Merge pull request #275 from sy-c/master

sy-c · web-flow · commit 51dd32127ee9 · 2024-03-18T17:08:17.000+01:00
v2.23.0
diff --git a/CMakeLists.txt b/CMakeLists.txt
@@ -343,7 +343,7 @@ endif()
 ###################################################
 
 # list of executables build (to be completed depending on dependencies found)
-set(executables o2-readout-exe o2-readout-receiver o2-readout-test-fmq-tx o2-readout-test-fmq-rx o2-readout-test-fmq-perf-tx o2-readout-test-fmq-perf-rx o2-readout-test-memorybanks o2-readout-rawreader o2-readout-test-lib-monitoring)
+set(executables o2-readout-exe o2-readout-receiver o2-readout-test-fmq-tx o2-readout-test-fmq-rx o2-readout-test-fmq-perf-tx o2-readout-test-fmq-perf-rx o2-readout-test-memorybanks o2-readout-rawreader o2-readout-rawmerger o2-readout-test-lib-monitoring)
 
 # o2-readout-exe : main executable
 add_executable(
@@ -411,6 +411,13 @@ add_executable(
 	$<TARGET_OBJECTS:objReadoutUtils>
 )
 
+# a RAW data file merger
+add_executable(
+        o2-readout-rawmerger
+        ${SOURCE_DIR}/exeRawMerger.cxx
+	$<TARGET_OBJECTS:objReadoutUtils>
+)
+
 # a minimal test program to readout a ROC device
 if (ReadoutCard_FOUND)
 add_executable(
diff --git a/doc/README.md b/doc/README.md
@@ -15,6 +15,7 @@ The following executables, presented with the _nicknames_ used below, are part o
   - [_o2-readout-rawreader_](#rawreader) or _RawReader_: a tool to check validity and inspect content of raw data files recorded by _Readout_.

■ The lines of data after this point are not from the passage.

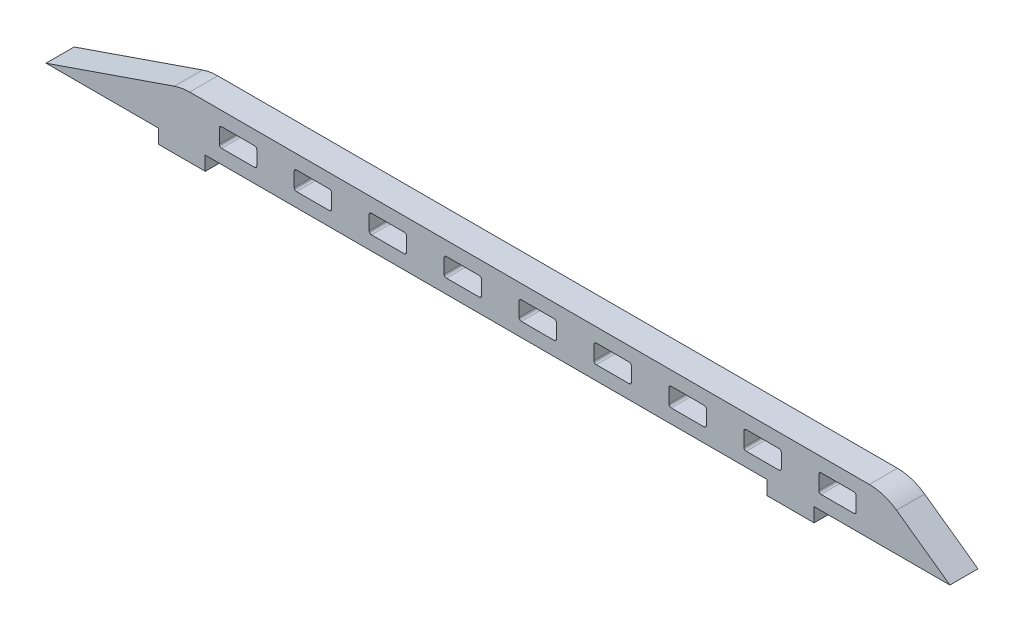
from build123d import *

# Parameters (mm, degrees)
BOSS_EXTRUDE1_DEPTH = 6
FILLET1_R           = 10


with BuildPart() as part:
    # Sketch1 → Boss-Extrude1 (new body)
    with BuildSketch(Plane.XY):
        Polygon((0, 0), (24, 0), (24, -3), (34, -3), (34, 0), (154, 0), (154, -3), (164, -3), (164, 0), (193, 0), (179, 10), (29, 10), align=None)
        with BuildLine():
            Line((53.5, 7), (60.5, 7))
            ThreePointArc((60.5, 7), (60.853553391, 6.853553391), (61, 6.5))
            Line((61, 6.5), (61, 3.5))
            ThreePointArc((61, 3.5), (60.853553391, 3.146446609), (60.5, 3))
            Line((60.5, 3), (53.5, 3))
            ThreePointArc((53.5, 3), (53.146446609, 3.146446609), (53, 3.5))
            Line((53, 3.5), (53, 6.5))
            ThreePointArc((53, 6.5), (53.146446609, 6.853553391), (53.5, 7))
        make_face(mode=Mode.SUBTRACT)
        with BuildLine():
            Line((37.5, 7), (44.5, 7))
            ThreePointArc((44.5, 7), (44.853553391, 6.853553391), (45, 6.5))
            Line((45, 6.5), (45, 3.5))
            ThreePointArc((45, 3.5), (44.853553391, 3.146446609), (44.5, 3))
            Line((44.5, 3), (37.5, 3))
            ThreePointArc((37.5, 3), (37.146446609, 3.146446609), (37, 3.5))
            Line((37, 3.5), (37, 6.5))
            ThreePointArc((37, 6.5), (37.146446609, 6.853553391), (37.5, 7))
        make_face(mode=Mode.SUBTRACT)
        with BuildLine():
            Line((69.5, 7), (76.5, 7))
            ThreePointArc((76.5, 7), (76.853553391, 6.853553391), (77, 6.5))
            Line((77, 6.5), (77, 3.5))
            ThreePointArc((77, 3.5), (76.853553391, 3.146446609), (76.5, 3))
            Line((76.5, 3), (69.5, 3))
            ThreePointArc((69.5, 3), (69.146446609, 3.146446609), (69, 3.5))
            Line((69, 3.5), (69, 6.5))
            ThreePointArc((69, 6.5), (69.146446609, 6.853553391), (69.5, 7))
        make_face(mode=Mode.SUBTRACT)
        with BuildLine():
            Line((85.5, 7), (92.5, 7))
            ThreePointArc((92.5, 7), (92.853553391, 6.853553391), (93, 6.5))
            Line((93, 6.5), (93, 3.5))
            ThreePointArc((93, 3.5), (92.853553391, 3.146446609), (92.5, 3))
            Line((92.5, 3), (85.5, 3))
            ThreePointArc((85.5, 3), (85.146446609, 3.146446609), (85, 3.5))
            Line((85, 3.5), (85, 6.5))
            ThreePointArc((85, 6.5), (85.146446609, 6.853553391), (85.5, 7))
        make_face(mode=Mode.SUBTRACT)
        with BuildLine():
            Line((101.5, 7), (108.5, 7))
            ThreePointArc((108.5, 7), (108.853553391, 6.853553391), (109, 6.5))
            Line((109, 6.5), (109, 3.5))
            ThreePointArc((109, 3.5), (108.853553391, 3.146446609), (108.5, 3))
            Line((108.5, 3), (101.5, 3))
            ThreePointArc((101.5, 3), (101.146446609, 3.146446609), (101, 3.5))
            Line((101, 3.5), (101, 6.5))
            ThreePointArc((101, 6.5), (101.146446609, 6.853553391), (101.5, 7))
        make_face(mode=Mode.SUBTRACT)
        with BuildLine():
            Line((117.5, 7), (124.5, 7))
            ThreePointArc((124.5, 7), (124.853553391, 6.853553391), (125, 6.5))
            Line((125, 6.5), (125, 3.5))
            ThreePointArc((125, 3.5), (124.853553391, 3.146446609), (124.5, 3))
            Line((124.5, 3), (117.5, 3))
            ThreePointArc((117.5, 3), (117.146446609, 3.146446609), (117, 3.5))
            Line((117, 3.5), (117, 6.5))
            ThreePointArc((117, 6.5), (117.146446609, 6.853553391), (117.5, 7))
        make_face(mode=Mode.SUBTRACT)
        with BuildLine():
            Line((133.5, 7), (140.5, 7))
            ThreePointArc((140.5, 7), (140.853553391, 6.853553391), (141, 6.5))
            Line((141, 6.5), (141, 3.5))
            ThreePointArc((141, 3.5), (140.853553391, 3.146446609), (140.5, 3))
            Line((140.5, 3), (133.5, 3))
            ThreePointArc((133.5, 3), (133.146446609, 3.146446609), (133, 3.5))
            Line((133, 3.5), (133, 6.5))
            ThreePointArc((133, 6.5), (133.146446609, 6.853553391), (133.5, 7))
        make_face(mode=Mode.SUBTRACT)
        with BuildLine():
            Line((149.5, 7), (156.5, 7))
            ThreePointArc((156.5, 7), (156.853553391, 6.853553391), (157, 6.5))
            Line((157, 6.5), (157, 3.5))
            ThreePointArc((157, 3.5), (156.853553391, 3.146446609), (156.5, 3))
            Line((156.5, 3), (149.5, 3))
            ThreePointArc((149.5, 3), (149.146446609, 3.146446609), (149, 3.5))
            Line((149, 3.5), (149, 6.5))
            ThreePointArc((149, 6.5), (149.146446609, 6.853553391), (149.5, 7))
        make_face(mode=Mode.SUBTRACT)
        with BuildLine():
            Line((165.5, 7), (172.5, 7))
            ThreePointArc((172.5, 7), (172.853553391, 6.853553391), (173, 6.5))
            Line((173, 6.5), (173, 3.5))
            ThreePointArc((173, 3.5), (172.853553391, 3.146446609), (172.5, 3))
            Line((172.5, 3), (165.5, 3))
            ThreePointArc((165.5, 3), (165.146446609, 3.146446609), (165, 3.5))
            Line((165, 3.5), (165, 6.5))
            ThreePointArc((165, 6.5), (165.146446609, 6.853553391), (165.5, 7))
        make_face(mode=Mode.SUBTRACT)
    extrude(amount=BOSS_EXTRUDE1_DEPTH)

    # Fillet1
    fillet1_edges = [part.edges().sort_by_distance(p)[0] for p in [
        (29, 10, 3),
        (179, 10, 3),
    ]]
    fillet(fillet1_edges, radius=FILLET1_R)


solid = part.part

   - [_o2-readout-receiver_](#receiver) or _Receiver_ : a process to receive data from _Readout_ by FMQ, e.g. for local communication tests when STFB is not available.
   - [_o2-readout-status_] or _ReadoutStatus_: an interactive interface to displaying runtime statistics connected by _Monitor_.
+  - [_o2-readout-rawmmerger_](#rawmerger) or _RawMerger_: a tool to concatenate multiple raw data files in a single file, e.g. for replay by _Readout_.
 
 There are also some readout internal test components, not used in normal runtime conditions, for development and debugging purpose (_o2-readout-test-*_)
 The source code repository is [https://github.com/AliceO2Group/Readout].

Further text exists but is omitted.